Inevitably, reaction to the scenes of wanton destruction has been dictated by political allegiance. Politicians, medics and scientists who were (and remain) adamant that breaking lockdown rules will lead to re-imposition of stringent social distancing measures have given a pass to the thousands of demonstrators who completely ignored them. President Trump (who under a federal system of government does not have the absolute policymaking authority of, for example, Boris Johnson) has been forced to watch from the side-lines as individual states have managed the reaction to domestic events. Of course, he does have the bully pulpit of the Presidency with which to excoriate his opponents; but, crucially, he is virtually powerless to make them change their decisions. Upon this key fact – and, as always, ‘the economy, stupid’ – rest the election in November. Republicans will point to the fact that 35 of the largest 50 cities in the US are Democrat-run. And that the police in virtually all the hotspots during the riots were working to Democratic mayors, Democratic city councils and Democratic governors. The obvious example would be Minneapolis itself where Democrats have had control (of both State and City) for more than 50 years.

Biden, who is still in his basement, has a very tricky needle to thread in his approach to the election. He has long boasted of his authorship of the 1994 Crime Bill, which is a huge part of the grievance underpinning Black Lives Matter calls for abolition of the police. (Worse, from that perspective, he subsequently bragged that the National Association of Police Officers “sat at that conference table of mine and […] wrote the bill.”) This has led to polarisation within potential Democratic voters that may influence his crucial Black vote. Biden has said that he does not support calls for ‘de-funding the police’, instead seeking to increase funding and reallocate resources to community policing, but that may not help him with either the strong majority of Americans (64%) of all stripes who oppose defunding and reallocation or the mutinous majority within his own party that approves.
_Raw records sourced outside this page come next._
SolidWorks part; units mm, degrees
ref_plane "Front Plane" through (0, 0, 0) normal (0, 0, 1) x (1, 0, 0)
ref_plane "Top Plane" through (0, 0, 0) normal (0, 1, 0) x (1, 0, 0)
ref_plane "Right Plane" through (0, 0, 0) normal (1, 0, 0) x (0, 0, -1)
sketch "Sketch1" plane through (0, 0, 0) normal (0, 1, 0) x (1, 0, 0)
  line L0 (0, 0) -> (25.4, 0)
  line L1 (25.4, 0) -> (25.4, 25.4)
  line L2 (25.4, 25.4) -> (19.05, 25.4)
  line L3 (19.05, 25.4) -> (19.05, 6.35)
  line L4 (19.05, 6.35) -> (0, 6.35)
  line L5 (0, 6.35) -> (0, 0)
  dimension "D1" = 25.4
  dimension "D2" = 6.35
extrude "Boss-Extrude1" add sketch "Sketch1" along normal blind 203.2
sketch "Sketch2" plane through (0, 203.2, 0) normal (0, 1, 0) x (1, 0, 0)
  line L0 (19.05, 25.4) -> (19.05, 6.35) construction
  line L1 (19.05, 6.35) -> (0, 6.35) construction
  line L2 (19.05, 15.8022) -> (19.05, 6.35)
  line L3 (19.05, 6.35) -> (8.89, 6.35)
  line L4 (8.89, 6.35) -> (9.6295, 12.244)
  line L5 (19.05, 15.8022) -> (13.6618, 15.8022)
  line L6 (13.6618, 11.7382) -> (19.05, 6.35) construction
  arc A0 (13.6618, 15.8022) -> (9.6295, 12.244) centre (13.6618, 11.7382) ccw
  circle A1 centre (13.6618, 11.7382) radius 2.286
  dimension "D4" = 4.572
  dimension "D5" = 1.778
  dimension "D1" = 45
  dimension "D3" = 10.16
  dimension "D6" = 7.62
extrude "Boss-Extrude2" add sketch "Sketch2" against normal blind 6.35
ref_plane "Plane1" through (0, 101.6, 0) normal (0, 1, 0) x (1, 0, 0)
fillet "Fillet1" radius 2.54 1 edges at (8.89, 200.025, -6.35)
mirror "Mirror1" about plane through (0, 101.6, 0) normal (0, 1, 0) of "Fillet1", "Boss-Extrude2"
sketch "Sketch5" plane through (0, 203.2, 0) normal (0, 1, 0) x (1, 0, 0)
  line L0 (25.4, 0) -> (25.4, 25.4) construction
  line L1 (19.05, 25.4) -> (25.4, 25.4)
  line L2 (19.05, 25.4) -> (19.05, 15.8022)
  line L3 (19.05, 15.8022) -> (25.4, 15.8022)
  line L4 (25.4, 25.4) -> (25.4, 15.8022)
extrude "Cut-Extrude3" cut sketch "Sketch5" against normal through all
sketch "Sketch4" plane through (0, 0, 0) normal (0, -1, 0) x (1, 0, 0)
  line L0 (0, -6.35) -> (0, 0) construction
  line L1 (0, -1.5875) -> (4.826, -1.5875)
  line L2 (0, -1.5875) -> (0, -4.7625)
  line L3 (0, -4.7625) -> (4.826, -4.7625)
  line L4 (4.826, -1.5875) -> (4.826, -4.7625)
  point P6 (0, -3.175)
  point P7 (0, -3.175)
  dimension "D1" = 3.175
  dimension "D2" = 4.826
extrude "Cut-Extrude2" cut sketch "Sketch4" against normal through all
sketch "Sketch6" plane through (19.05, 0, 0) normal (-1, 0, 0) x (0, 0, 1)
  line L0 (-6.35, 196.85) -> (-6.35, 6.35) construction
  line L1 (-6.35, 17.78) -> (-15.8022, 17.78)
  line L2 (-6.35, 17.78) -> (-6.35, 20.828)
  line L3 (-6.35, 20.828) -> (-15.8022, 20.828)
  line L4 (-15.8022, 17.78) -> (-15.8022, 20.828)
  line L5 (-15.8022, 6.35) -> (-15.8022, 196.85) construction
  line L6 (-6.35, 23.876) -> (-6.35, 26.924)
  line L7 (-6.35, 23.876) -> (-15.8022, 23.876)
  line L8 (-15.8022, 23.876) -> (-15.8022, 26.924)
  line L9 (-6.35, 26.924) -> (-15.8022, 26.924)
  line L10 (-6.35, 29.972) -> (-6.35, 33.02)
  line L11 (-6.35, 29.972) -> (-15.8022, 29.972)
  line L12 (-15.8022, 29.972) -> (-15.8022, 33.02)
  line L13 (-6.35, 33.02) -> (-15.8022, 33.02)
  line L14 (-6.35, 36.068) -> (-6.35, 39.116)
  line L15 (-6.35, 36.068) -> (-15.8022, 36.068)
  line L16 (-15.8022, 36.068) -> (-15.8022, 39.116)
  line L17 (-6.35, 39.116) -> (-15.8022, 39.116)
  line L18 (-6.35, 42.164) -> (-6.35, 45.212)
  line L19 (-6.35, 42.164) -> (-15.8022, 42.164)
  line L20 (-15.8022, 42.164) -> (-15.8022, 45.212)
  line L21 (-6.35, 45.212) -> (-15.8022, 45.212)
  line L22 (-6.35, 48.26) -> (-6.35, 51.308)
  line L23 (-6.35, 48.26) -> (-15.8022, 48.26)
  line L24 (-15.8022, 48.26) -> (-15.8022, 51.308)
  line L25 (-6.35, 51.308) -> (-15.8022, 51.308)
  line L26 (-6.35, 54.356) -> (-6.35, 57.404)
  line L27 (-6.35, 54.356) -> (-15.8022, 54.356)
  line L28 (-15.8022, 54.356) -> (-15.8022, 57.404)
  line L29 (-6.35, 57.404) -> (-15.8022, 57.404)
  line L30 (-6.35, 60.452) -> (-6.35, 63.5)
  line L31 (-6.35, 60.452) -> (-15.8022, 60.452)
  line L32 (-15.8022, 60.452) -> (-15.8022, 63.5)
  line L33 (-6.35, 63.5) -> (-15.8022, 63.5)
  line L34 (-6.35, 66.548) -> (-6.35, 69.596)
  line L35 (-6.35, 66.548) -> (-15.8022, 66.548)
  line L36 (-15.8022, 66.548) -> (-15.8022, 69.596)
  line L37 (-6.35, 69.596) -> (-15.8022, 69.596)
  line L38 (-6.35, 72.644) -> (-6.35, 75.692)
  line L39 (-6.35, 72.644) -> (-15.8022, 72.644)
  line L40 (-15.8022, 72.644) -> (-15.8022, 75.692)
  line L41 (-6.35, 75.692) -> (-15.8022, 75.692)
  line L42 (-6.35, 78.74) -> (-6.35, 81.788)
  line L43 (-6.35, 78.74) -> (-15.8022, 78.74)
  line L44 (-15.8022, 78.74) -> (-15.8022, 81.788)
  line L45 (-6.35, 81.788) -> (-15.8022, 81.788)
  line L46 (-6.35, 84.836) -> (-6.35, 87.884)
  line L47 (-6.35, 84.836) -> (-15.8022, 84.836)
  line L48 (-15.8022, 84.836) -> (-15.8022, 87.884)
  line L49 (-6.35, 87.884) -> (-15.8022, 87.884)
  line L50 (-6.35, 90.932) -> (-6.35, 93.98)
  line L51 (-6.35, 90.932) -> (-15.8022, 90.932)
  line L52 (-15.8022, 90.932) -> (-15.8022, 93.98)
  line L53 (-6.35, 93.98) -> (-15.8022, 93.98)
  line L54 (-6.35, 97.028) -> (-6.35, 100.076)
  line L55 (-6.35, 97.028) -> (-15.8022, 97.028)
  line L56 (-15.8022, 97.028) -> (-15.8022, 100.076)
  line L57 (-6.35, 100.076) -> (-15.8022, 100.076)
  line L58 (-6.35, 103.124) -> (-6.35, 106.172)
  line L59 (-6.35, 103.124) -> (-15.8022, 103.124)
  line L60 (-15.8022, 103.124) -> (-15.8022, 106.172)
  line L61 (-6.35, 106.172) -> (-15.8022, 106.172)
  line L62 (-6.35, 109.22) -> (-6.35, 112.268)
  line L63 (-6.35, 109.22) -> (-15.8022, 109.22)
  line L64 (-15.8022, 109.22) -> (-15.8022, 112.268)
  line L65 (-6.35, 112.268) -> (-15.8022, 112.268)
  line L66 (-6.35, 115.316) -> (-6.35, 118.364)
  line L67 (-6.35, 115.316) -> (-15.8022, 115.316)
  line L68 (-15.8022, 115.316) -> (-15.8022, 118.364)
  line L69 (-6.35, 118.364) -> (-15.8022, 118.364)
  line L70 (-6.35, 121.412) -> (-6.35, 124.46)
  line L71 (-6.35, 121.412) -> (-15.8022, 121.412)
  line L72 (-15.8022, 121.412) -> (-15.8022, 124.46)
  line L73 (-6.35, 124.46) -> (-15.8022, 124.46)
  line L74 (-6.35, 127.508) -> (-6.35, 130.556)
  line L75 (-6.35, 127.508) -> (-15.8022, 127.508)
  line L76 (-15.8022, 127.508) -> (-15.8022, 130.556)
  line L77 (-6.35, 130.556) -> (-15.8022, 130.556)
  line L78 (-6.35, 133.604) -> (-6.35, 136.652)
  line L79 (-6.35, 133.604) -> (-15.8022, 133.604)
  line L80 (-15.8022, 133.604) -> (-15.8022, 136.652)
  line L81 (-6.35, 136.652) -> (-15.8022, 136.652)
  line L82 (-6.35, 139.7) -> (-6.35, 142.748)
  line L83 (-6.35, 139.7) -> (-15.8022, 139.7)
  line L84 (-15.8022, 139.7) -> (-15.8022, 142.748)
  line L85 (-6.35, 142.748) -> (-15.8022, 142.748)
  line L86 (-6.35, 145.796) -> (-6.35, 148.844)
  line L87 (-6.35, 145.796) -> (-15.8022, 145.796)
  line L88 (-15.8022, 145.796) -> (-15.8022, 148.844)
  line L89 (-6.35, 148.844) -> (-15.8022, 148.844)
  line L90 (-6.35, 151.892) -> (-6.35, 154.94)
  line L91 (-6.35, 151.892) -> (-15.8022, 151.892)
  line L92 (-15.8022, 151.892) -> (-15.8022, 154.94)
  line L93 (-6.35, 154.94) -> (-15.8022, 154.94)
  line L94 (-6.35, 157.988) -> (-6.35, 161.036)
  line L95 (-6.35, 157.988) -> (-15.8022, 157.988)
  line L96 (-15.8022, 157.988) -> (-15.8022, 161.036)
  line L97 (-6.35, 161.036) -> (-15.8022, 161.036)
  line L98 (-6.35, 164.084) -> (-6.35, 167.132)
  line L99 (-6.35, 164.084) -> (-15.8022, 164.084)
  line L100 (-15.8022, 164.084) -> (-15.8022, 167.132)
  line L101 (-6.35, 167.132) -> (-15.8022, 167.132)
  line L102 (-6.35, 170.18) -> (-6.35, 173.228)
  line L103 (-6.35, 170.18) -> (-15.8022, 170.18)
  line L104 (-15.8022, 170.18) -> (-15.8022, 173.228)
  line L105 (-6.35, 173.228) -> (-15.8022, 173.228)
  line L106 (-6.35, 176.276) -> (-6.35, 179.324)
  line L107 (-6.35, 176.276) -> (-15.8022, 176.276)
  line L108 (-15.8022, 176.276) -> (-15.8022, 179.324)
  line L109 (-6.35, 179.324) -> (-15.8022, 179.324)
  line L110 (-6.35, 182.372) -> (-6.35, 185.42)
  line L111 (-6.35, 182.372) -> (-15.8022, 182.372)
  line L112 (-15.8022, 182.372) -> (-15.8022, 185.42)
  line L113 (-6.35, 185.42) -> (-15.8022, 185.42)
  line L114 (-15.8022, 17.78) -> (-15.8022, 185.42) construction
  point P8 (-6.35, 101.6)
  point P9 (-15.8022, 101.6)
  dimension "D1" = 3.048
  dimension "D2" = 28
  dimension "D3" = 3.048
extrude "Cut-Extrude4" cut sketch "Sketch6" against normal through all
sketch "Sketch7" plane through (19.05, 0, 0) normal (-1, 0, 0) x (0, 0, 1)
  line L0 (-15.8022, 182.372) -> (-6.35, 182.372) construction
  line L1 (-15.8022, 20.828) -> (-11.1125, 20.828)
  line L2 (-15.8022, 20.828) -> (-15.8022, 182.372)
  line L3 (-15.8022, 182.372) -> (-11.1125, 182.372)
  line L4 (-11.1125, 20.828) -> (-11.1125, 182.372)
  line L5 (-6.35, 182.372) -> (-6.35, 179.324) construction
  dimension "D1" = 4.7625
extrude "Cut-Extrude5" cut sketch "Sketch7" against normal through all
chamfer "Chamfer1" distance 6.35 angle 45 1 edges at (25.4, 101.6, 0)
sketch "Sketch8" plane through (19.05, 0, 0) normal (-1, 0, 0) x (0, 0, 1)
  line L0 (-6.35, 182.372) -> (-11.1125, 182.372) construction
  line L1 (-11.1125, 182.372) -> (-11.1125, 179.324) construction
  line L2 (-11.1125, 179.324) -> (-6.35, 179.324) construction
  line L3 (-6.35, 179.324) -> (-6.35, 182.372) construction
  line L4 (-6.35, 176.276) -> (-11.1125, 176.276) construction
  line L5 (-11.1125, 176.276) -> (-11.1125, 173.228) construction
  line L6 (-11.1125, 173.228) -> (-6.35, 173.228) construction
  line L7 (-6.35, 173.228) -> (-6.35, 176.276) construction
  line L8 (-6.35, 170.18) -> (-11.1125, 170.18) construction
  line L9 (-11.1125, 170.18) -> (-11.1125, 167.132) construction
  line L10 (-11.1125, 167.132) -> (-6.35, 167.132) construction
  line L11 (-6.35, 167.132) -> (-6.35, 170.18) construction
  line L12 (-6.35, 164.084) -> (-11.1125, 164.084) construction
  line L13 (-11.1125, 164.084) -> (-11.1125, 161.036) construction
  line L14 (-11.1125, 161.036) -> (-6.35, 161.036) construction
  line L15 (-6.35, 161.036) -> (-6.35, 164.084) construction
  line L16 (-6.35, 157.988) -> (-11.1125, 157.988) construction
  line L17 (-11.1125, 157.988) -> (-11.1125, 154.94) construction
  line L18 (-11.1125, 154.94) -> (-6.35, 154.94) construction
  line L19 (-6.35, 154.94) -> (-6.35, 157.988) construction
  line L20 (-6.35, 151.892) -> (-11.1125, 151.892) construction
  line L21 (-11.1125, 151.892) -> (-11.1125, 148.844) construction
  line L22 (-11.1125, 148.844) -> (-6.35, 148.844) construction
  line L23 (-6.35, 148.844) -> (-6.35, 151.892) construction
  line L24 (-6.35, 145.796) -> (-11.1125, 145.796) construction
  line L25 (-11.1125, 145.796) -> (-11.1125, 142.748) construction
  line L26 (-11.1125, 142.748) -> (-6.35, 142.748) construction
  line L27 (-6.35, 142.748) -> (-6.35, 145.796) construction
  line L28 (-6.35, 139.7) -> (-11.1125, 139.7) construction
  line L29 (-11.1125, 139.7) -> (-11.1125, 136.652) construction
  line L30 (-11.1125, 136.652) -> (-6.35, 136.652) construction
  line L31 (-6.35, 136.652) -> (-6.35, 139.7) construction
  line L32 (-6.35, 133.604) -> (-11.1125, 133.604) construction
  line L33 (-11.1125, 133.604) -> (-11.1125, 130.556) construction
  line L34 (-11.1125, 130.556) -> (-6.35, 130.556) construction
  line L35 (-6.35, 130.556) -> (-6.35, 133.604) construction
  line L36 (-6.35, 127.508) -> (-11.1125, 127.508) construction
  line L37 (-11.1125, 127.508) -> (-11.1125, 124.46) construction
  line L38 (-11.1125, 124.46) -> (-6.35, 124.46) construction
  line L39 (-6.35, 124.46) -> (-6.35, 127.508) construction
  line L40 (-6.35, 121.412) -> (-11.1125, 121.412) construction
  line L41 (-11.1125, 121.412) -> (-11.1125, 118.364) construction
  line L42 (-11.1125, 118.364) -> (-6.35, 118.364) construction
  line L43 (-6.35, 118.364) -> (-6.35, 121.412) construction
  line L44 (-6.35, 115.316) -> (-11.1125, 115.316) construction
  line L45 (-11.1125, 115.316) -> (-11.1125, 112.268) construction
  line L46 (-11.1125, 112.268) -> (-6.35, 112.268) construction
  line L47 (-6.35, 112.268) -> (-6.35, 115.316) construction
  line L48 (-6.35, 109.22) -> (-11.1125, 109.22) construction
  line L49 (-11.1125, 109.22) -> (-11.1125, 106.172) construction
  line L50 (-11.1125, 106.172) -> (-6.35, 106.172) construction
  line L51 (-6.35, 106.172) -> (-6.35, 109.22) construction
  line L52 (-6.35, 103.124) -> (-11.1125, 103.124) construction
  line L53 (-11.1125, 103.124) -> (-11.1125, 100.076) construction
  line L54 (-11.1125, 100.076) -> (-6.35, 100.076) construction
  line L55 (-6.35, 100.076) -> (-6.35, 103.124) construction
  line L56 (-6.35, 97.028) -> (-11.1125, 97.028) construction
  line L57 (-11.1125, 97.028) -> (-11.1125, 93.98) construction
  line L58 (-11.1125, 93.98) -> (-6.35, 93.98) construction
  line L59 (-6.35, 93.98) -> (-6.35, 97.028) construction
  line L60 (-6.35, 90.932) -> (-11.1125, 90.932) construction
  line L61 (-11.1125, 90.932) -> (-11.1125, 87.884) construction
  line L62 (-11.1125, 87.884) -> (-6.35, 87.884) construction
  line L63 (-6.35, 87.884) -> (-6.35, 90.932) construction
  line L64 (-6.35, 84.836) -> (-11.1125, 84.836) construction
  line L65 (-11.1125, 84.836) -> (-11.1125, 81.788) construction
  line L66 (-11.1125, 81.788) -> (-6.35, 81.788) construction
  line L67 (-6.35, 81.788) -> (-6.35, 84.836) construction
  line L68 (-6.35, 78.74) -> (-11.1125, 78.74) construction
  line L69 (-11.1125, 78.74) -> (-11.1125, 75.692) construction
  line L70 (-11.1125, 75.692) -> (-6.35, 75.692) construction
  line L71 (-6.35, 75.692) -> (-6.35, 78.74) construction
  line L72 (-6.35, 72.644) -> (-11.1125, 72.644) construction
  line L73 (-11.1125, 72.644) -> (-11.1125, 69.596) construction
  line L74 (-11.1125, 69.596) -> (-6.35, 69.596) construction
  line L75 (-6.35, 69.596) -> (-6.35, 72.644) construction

Still, as a tactic it appears that basement-dwelling is a winner because every time he appears in public it looks as if someone has just turned the lights on.

In the meantime, thin-skinned Orange Man Bad continues to tweet (among many other topics!) his threats to intervene to restore law and order, though the likelihood of him actually deploying the military through the 1807 Insurrection Act remains remote. I would imagine that his thinking veers between wanting to send in the troops and letting the Democrats dig their own hole. After all, if Seattle’s seemingly Democrat-endorsed “block party” in the Capitol Hill Autonomous Zone (now renamed CHOP for ‘Organised Protest’) is still around when it comes to November, there will be an obvious point of comparison in terms of governance. Not all Americans – especially businesses and homeowners – think like the Seattle mayor who apparently believes that “we could have the summer of love.”

There is no doubt that the bookies’ money is now beginning to follow the pollsters in their view of the outcome of the election. How much of this will be reversed by the gradual reopening of the economy will be interesting and Trump is clearly desperate for that to happen.

Moreover, and as in the UK, I sense that once out of lockdown the people will simply not go back in. Equally, that Democratic governors would delay reopening and the associated fiscal improvement in order to ensure a Biden victory cannot be disputed; hate for Trump on their part is absolute and until COVID came along he was an economic lock for re-election.

So, all to play for and, as I write, 140 days to go. When you think that it is only 85 days since the start of the UK’s lockdown and 138 days since COVID-19 was declared a Public Health Emergency by the WHO, a lot can still happen!

 

[i] Sigmund Freud’s narcissism of small differences, so amusingly satirized by the Pythons, seems already to have affected the protests to some degree.

David Chan is a former colleague at Ravenscroft and an old friend of the business. He now lives in Texas with his wife. A former RAF fighter pilot, David was awarded an OBE in 2006 for his leadership of Eurofighter Typhoon entry-into-service operations.